The female-led government-in-exile
But with fellow prisoners it was different. She told me about making bouquets of three autumn leaves, to resemble the red-and-white opposition flag. Another form of hidden protest was doing work poorly at the sewing factory, which for her wasn’t hard to achieve. “It happened naturally because I’m not very skilled at sewing!” she laughed.
She was skilled at decorating, though. She told me how, in the colony, they only had black clothes, but they were permitted to mark these items with their names, in bleach, so that they wouldn’t get stolen. Along with some other political detainees, Afanasyeva added glittery paint to the bleach and marked one of her T-shirts with a “GRL PWR” inscription. She hid the T-shirt under other clothes, but secretly wearing it made her feel powerful.
As we talked, she lifted up the black T-shirt and showed me the words “GRL PWR” written on the back.

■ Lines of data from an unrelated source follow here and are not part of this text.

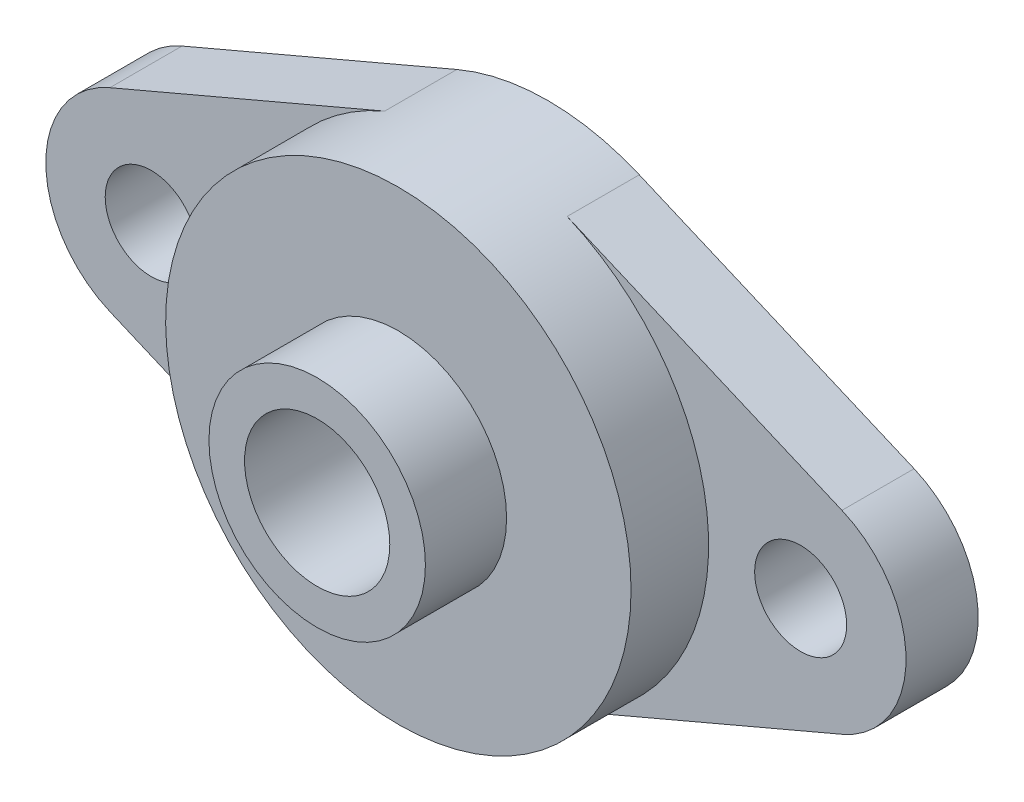
ISO-10303-21;
HEADER;
FILE_DESCRIPTION(('STEP AP214'),'2;1');
FILE_NAME('part.step','',(''),(''),'','','');
FILE_SCHEMA(('AUTOMOTIVE_DESIGN { 1 0 10303 214 1 1 1 1 }'));
ENDSEC;
DATA;
#1=APPLICATION_CONTEXT('core data for automotive mechanical design processes');
#2=APPLICATION_PROTOCOL_DEFINITION('international standard','automotive_design',2000,#1);
#3=PRODUCT_CONTEXT('',#1,'mechanical');
#4=PRODUCT('Part','Part','',(#3));
#5=PRODUCT_RELATED_PRODUCT_CATEGORY('part','',(#4));
#6=PRODUCT_DEFINITION_FORMATION('','',#4);
#7=PRODUCT_DEFINITION_CONTEXT('part definition',#1,'design');
#8=PRODUCT_DEFINITION('design','',#6,#7);
#9=PRODUCT_DEFINITION_SHAPE('','',#8);
#10=(LENGTH_UNIT() NAMED_UNIT(*) SI_UNIT(.MILLI.,.METRE.));
#11=(NAMED_UNIT(*) PLANE_ANGLE_UNIT() SI_UNIT($,.RADIAN.));
#12=(NAMED_UNIT(*) SI_UNIT($,.STERADIAN.) SOLID_ANGLE_UNIT());
#13=UNCERTAINTY_MEASURE_WITH_UNIT(LENGTH_MEASURE(1.E-05),#10,'distance_accuracy_value','');
#14=(GEOMETRIC_REPRESENTATION_CONTEXT(3) GLOBAL_UNCERTAINTY_ASSIGNED_CONTEXT((#13)) GLOBAL_UNIT_ASSIGNED_CONTEXT((#10,
#11,#12)) REPRESENTATION_CONTEXT('',''));
#15=CARTESIAN_POINT('',(0.,0.,0.));
#16=DIRECTION('',(0.,0.,1.));
#17=DIRECTION('',(1.,0.,0.));
#18=AXIS2_PLACEMENT_3D('',#15,#16,#17);
#19=CARTESIAN_POINT('',(0.,0.,8.3));
#20=DIRECTION('',(0.,0.,-1.));
#21=DIRECTION('',(-1.,0.,0.));
#22=AXIS2_PLACEMENT_3D('',#19,#20,#21);
#23=CYLINDRICAL_SURFACE('',#22,12.9);
#24=CARTESIAN_POINT('',(0.,0.,4.));
#25=DIRECTION('',(0.,0.,1.));
#26=DIRECTION('',(1.,0.,0.));
#27=AXIS2_PLACEMENT_3D('',#24,#25,#26);
#28=CIRCLE('',#27,12.9);
#29=CARTESIAN_POINT('',(5.05734354907398,-11.8673196732303,4.));
#30=VERTEX_POINT('',#29);
#31=CARTESIAN_POINT('',(5.05734354907397,11.8673196732303,4.));
#32=VERTEX_POINT('',#31);
#33=EDGE_CURVE('E177',#30,#32,#28,.T.);
#34=ORIENTED_EDGE('',*,*,#33,.T.);
#35=DIRECTION('',(0.,0.,-1.));
#36=VECTOR('',#35,1.);
#37=CARTESIAN_POINT('',(5.05734354907398,11.8673196732303,4.));
#38=LINE('',#37,#36);
#39=CARTESIAN_POINT('',(5.05734354907398,11.8673196732303,0.));
#40=VERTEX_POINT('',#39);
#41=EDGE_CURVE('E119',#32,#40,#38,.T.);
#42=ORIENTED_EDGE('',*,*,#41,.T.);
#43=CARTESIAN_POINT('',(0.,0.,0.));
#44=DIRECTION('',(0.,0.,1.));
#45=DIRECTION('',(1.,0.,0.));
#46=AXIS2_PLACEMENT_3D('',#43,#44,#45);
#47=CIRCLE('',#46,12.9);
#48=CARTESIAN_POINT('',(-5.05734354907397,11.8673196732303,0.));
#49=VERTEX_POINT('',#48);
#50=EDGE_CURVE('E209',#40,#49,#47,.T.);
#51=ORIENTED_EDGE('',*,*,#50,.T.);
#52=DIRECTION('',(0.,0.,-1.));
#53=VECTOR('',#52,1.);
#54=CARTESIAN_POINT('',(-5.05734354907397,11.8673196732303,4.));
#55=LINE('',#54,#53);
#56=CARTESIAN_POINT('',(-5.05734354907397,11.8673196732303,4.));
#57=VERTEX_POINT('',#56);
#58=EDGE_CURVE('E58',#57,#49,#55,.T.);
#59=ORIENTED_EDGE('',*,*,#58,.F.);
#60=CARTESIAN_POINT('',(-5.05734354907398,-11.8673196732303,4.));
#61=VERTEX_POINT('',#60);
#62=EDGE_CURVE('E62',#57,#61,#28,.T.);
#63=ORIENTED_EDGE('',*,*,#62,.T.);
#64=DIRECTION('',(0.,0.,-1.));
#65=VECTOR('',#64,1.);
#66=CARTESIAN_POINT('',(-5.05734354907397,-11.8673196732303,4.));
#67=LINE('',#66,#65);
#68=CARTESIAN_POINT('',(-5.05734354907397,-11.8673196732303,0.));
#69=VERTEX_POINT('',#68);
#70=EDGE_CURVE('E184',#61,#69,#67,.T.);
#71=ORIENTED_EDGE('',*,*,#70,.T.);
#72=CARTESIAN_POINT('',(5.05734354907398,-11.8673196732303,0.));
#73=VERTEX_POINT('',#72);
#74=EDGE_CURVE('E204',#69,#73,#47,.T.);
#75=ORIENTED_EDGE('',*,*,#74,.T.);
#76=DIRECTION('',(0.,0.,-1.));
#77=VECTOR('',#76,1.);
#78=CARTESIAN_POINT('',(5.05734354907397,-11.8673196732303,4.));
#79=LINE('',#78,#77);
#80=EDGE_CURVE('E187',#30,#73,#79,.T.);
#81=ORIENTED_EDGE('',*,*,#80,.F.);
#82=EDGE_LOOP('',(#34,#42,#51,#59,#63,#71,#75,#81));
#83=FACE_BOUND('',#82,.T.);
#84=CARTESIAN_POINT('',(0.,0.,8.3));
#85=DIRECTION('',(0.,0.,1.));
#86=DIRECTION('',(1.,0.,0.));
#87=AXIS2_PLACEMENT_3D('',#84,#85,#86);
#88=CIRCLE('',#87,12.9);
#89=CARTESIAN_POINT('',(12.9,0.,8.3));
#90=VERTEX_POINT('',#89);
#91=EDGE_CURVE('E50',#90,#90,#88,.T.);
#92=ORIENTED_EDGE('',*,*,#91,.F.);
#93=EDGE_LOOP('',(#92));
#94=FACE_BOUND('',#93,.T.);
#95=ADVANCED_FACE('F41',(#83,#94),#23,.T.);
#96=CARTESIAN_POINT('',(0.,0.,8.3));
#97=DIRECTION('',(0.,0.,1.));
#98=DIRECTION('',(1.,0.,0.));
#99=AXIS2_PLACEMENT_3D('',#96,#97,#98);
#100=PLANE('',#99);
#101=CARTESIAN_POINT('',(0.,0.,8.3));
#102=DIRECTION('',(0.,0.,1.));
#103=DIRECTION('',(1.,0.,0.));
#104=AXIS2_PLACEMENT_3D('',#101,#102,#103);
#105=CIRCLE('',#104,6.);
#106=CARTESIAN_POINT('',(6.,0.,8.3));
#107=VERTEX_POINT('',#106);
#108=EDGE_CURVE('E11',#107,#107,#105,.T.);
#109=ORIENTED_EDGE('',*,*,#108,.F.);
#110=EDGE_LOOP('',(#109));
#111=FACE_BOUND('',#110,.T.);
#112=ORIENTED_EDGE('',*,*,#91,.T.);
#113=EDGE_LOOP('',(#112));
#114=FACE_BOUND('',#113,.T.);
#115=ADVANCED_FACE('F237',(#111,#114),#100,.T.);
#116=CARTESIAN_POINT('',(0.,0.,0.));
#117=DIRECTION('',(0.,0.,1.));
#118=DIRECTION('',(1.,0.,0.));
#119=AXIS2_PLACEMENT_3D('',#116,#117,#118);
#120=PLANE('',#119);
#121=CARTESIAN_POINT('',(0.,0.,0.));
#122=DIRECTION('',(0.,0.,-1.));
#123=DIRECTION('',(-1.,0.,0.));
#124=AXIS2_PLACEMENT_3D('',#121,#122,#123);
#125=CIRCLE('',#124,4.025);
#126=CARTESIAN_POINT('',(-4.025,0.,0.));
#127=VERTEX_POINT('',#126);
#128=EDGE_CURVE('E225',#127,#127,#125,.T.);
#129=ORIENTED_EDGE('',*,*,#128,.F.);
#130=EDGE_LOOP('',(#129));
#131=FACE_BOUND('',#130,.T.);
#132=CARTESIAN_POINT('',(-18.,0.,0.));
#133=DIRECTION('',(0.,0.,-1.));
#134=DIRECTION('',(-1.,0.,0.));
#135=AXIS2_PLACEMENT_3D('',#132,#133,#134);
#136=CIRCLE('',#135,2.55);
#137=CARTESIAN_POINT('',(-20.55,0.,0.));
#138=VERTEX_POINT('',#137);
#139=EDGE_CURVE('E214',#138,#138,#136,.T.);
#140=ORIENTED_EDGE('',*,*,#139,.F.);
#141=EDGE_LOOP('',(#140));
#142=FACE_BOUND('',#141,.T.);
#143=CARTESIAN_POINT('',(18.,0.,0.));
#144=DIRECTION('',(0.,0.,-1.));
#145=DIRECTION('',(-1.,0.,0.));
#146=AXIS2_PLACEMENT_3D('',#143,#144,#145);
#147=CIRCLE('',#146,2.55);
#148=CARTESIAN_POINT('',(15.45,0.,0.));
#149=VERTEX_POINT('',#148);
#150=EDGE_CURVE('E142',#149,#149,#147,.T.);
#151=ORIENTED_EDGE('',*,*,#150,.F.);
#152=EDGE_LOOP('',(#151));
#153=FACE_BOUND('',#152,.T.);
#154=ORIENTED_EDGE('',*,*,#50,.F.);
#155=DIRECTION('',(0.919947261490724,-0.39204213558713,0.));
#156=VECTOR('',#155,1.);
#157=CARTESIAN_POINT('',(5.05734354907398,11.8673196732303,0.));
#158=LINE('',#157,#156);
#159=CARTESIAN_POINT('',(20.2907968997111,5.37547407082794,0.));
#160=VERTEX_POINT('',#159);
#161=EDGE_CURVE('E159',#40,#160,#158,.T.);
#162=ORIENTED_EDGE('',*,*,#161,.T.);
#163=CARTESIAN_POINT('',(18.,0.,0.));
#164=DIRECTION('',(0.,0.,-1.));
#165=DIRECTION('',(-1.,0.,0.));
#166=AXIS2_PLACEMENT_3D('',#163,#164,#165);
#167=CIRCLE('',#166,5.84324155943166);
#168=CARTESIAN_POINT('',(20.2907968997111,-5.37547407082794,0.));
#169=VERTEX_POINT('',#168);
#170=EDGE_CURVE('E112',#160,#169,#167,.T.);
#171=ORIENTED_EDGE('',*,*,#170,.T.);
#172=DIRECTION('',(-0.919947261490724,-0.39204213558713,0.));
#173=VECTOR('',#172,1.);
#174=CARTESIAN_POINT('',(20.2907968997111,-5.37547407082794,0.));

She was able to smuggle it out of the penal colony. Now it reminds her of the years spent in imprisonment, but also of the bonds she formed with the other women, some of whom she still sees now that they’ve been released. “Many of them have become my close friends,” she tells me. “Going to the cinema, sharing a pizza, or even having a chat with someone who has been through a similar experience is easier. That’s why we stick together.”
Today, Lukashenko has regained total political control of Belarus, having dismantled the opposition and clamped down on civil society. And although he has released dozens of political prisoners under US pressure, many women dissidents remain in captivity. Inside Belarus, no one talks in public about the political prisoners. But their cause is considered a top priority by Belarusian civil society, which continues to organise abroad.
The 2020 protests showed what civil society might be able to acheive, as well as women’s ability to take the lead. Within hours of her release in December, Maria Kolesnikova was filmed wearing her signature red lipstick and calling for the release of those who remain in prison. Tsikhanouskaya has formed a government-in-exile, which is preparing democratic reforms that, according to Zhukouskaya, will be implemented as soon as “a window of opportunity” opens for political changes.
When that happens, she hopes that civil society in Belarus will come together to build a new future. Perhaps it will be led by women – once they return from exile and are released from jail. Lukashenko has put much effort into cracking down on them. But listening to the women I spoke to gave me the feeling that the state hasn’t yet managed to crush this source of resilience and opposition.